The lie emanates from the fact that, in many respects, the judicial branch of our government wasn't construed at first as being a co-equal branch of government at all. Indeed, Alexander Hamilton spends a fair amount of ink in Federalist Paper 81 assuring opponents of the yet-to-be-ratified constitution that the Supreme Court proposed in it would possess limited in power. He asserts that its original jurisdiction would be circumscribed, as I described above. In addition, Hamilton even goes so far as to say "there is not a syllable in the plan under consideration which DIRECTLY empowers the national courts to construe the laws according to the spirit of the Constitution."  This latter claim may come as a shock to modern ears, as it should.

We tend to forget that Hamilton was making his case for the Supreme Court in response to anti-federalists who didn't want to see the creation of a separate judicial branch of government at all. They felt, as many others did at the time, that the legislature was the primary branch of government since it was most representative of the will of the people. (That's why it's positioned front and center as Article I in the constitution.) They did not want its power usurped by a bench of unelected judges, and they were fearful that these judges would overturn congressional acts at their discretion. Across the pond, Britain seemed to function just fine with a high court residing in the House of Lords, part of their legislature. Hamilton's task was to assuage opponents concerns about the proposed Supreme Court.

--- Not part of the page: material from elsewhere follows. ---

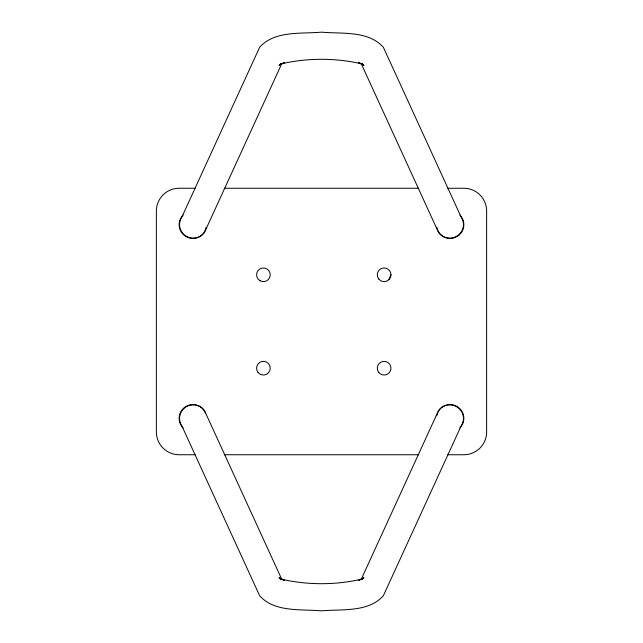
<?xml version="1.0" encoding="UTF-8"?>
<svg xmlns="http://www.w3.org/2000/svg" width="643" height="643" viewBox="0 0 643 643"><rect width="100%" height="100%" fill="white"/><g stroke="black" fill="none" stroke-linecap="round" stroke-linejoin="round"><path stroke-width="0.96" d="M388.967 279.641L390.968 274.81M281.883 63.432L204.466 232.444A13.664 13.342 24.6 0 1 185.594 235.844A13.664 13.342 24.6 0 1 181.8 217.205L259.643 47.269C274.617 30.422 301.181 34.007 321.5 32.15C341.819 34.007 368.383 30.422 383.357 47.269L461.2 217.205A13.664 13.342 -24.6 0 1 457.406 235.844A13.664 13.342 -24.6 0 1 438.534 232.444L361.117 63.432M361.117 579.568L438.534 410.555A13.664 13.342 24.6 0 1 457.406 407.156A13.664 13.342 24.6 0 1 461.2 425.795L383.357 595.731C368.383 612.578 341.819 608.993 321.5 610.85C301.181 608.993 274.617 612.578 259.643 595.731L181.8 425.795A13.664 13.342 -24.6 0 1 185.594 407.156A13.664 13.342 -24.6 0 1 204.466 410.555L281.883 579.568M280.975 63.553L279.038 65.385L284.399 62.66L280.332 64.075C307.137 57.717 335.863 57.717 362.668 64.075L358.601 62.66L363.962 65.385L362.025 63.553M362.025 579.447L363.962 577.615L358.601 580.34L362.668 578.925C335.863 585.283 307.137 585.283 280.332 578.925L284.399 580.34L279.038 577.615L280.975 579.447M195.183 188.254L179.14 188.254A22.778 22.778 0 0 0 156.362 211.033L156.362 431.967A22.778 22.778 0 0 0 179.14 454.746L195.183 454.746M224.254 188.254L418.746 188.254M447.817 188.254L463.86 188.254A22.778 22.778 0 0 1 486.638 211.033L486.638 431.967A22.778 22.778 0 0 1 463.86 454.746L447.817 454.746M224.254 454.746L418.746 454.746M206.242 227.18A13.664 13.664 0 0 1 186.446 236.793A13.664 13.664 0 0 1 183.142 215.035M183.142 427.965A13.664 13.664 0 0 1 185.305 406.882A13.664 13.664 0 0 1 205.511 413.272M459.858 215.035A13.664 13.664 0 0 1 456.554 236.793A13.664 13.664 0 0 1 436.758 227.18M436.758 415.82A13.664 13.664 0 0 1 456.554 406.207A13.664 13.664 0 0 1 459.858 427.965M260.005 280.726A6.832 6.832 0 0 0 270.253 274.81A6.832 6.832 0 0 0 260.005 268.887A6.832 6.832 0 0 0 260.005 280.726M378.783 279.054A6.832 6.832 0 0 0 390.494 277.318A6.832 6.832 0 0 0 383.14 268.043A6.832 6.832 0 0 0 378.783 279.054M258.06 372.442A6.832 6.832 0 0 0 269.771 370.706A6.832 6.832 0 0 0 262.416 361.43A6.832 6.832 0 0 0 258.06 372.442M378.783 372.442A6.832 6.832 0 0 0 390.494 370.706A6.832 6.832 0 0 0 383.14 361.43A6.832 6.832 0 0 0 378.783 372.442"/></g></svg>

Needless to say, a lot has changed since Hamilton penned Federalist 81. As far as the Supreme Court goes, it only took a handful of years and Chief Justice John Marshall's opinion in the bedrock case of Marbury v. Madison to establish the doctrine of judicial review and so elevate the court toward the co-equal status it enjoys today. Sadly, in the intervening years, the primacy of the legislative branch - the central feature of government as imagined by the framers - has suffered depredations by the self-aggrandizing imperial presidency that we are stuck with today.

So, even though its currency has risen over the past couple of centuries, the Supreme Court is pretty much saddled with the restrictions of its original jurisdiction. This means that enforcement of congressional subpoenas directed at the administration will have to wind their way through an appeals process that begins in the federal courts. It's possible that these cases will be expedited, but in all likelihood, thanks to the reluctance on the part of the framers to position the judiciary to resolve disputes between Congress and the president, it looks like Donald Trump will be able to run out the clock on matters of accountability that are critical to our democratic form of government. So it goes.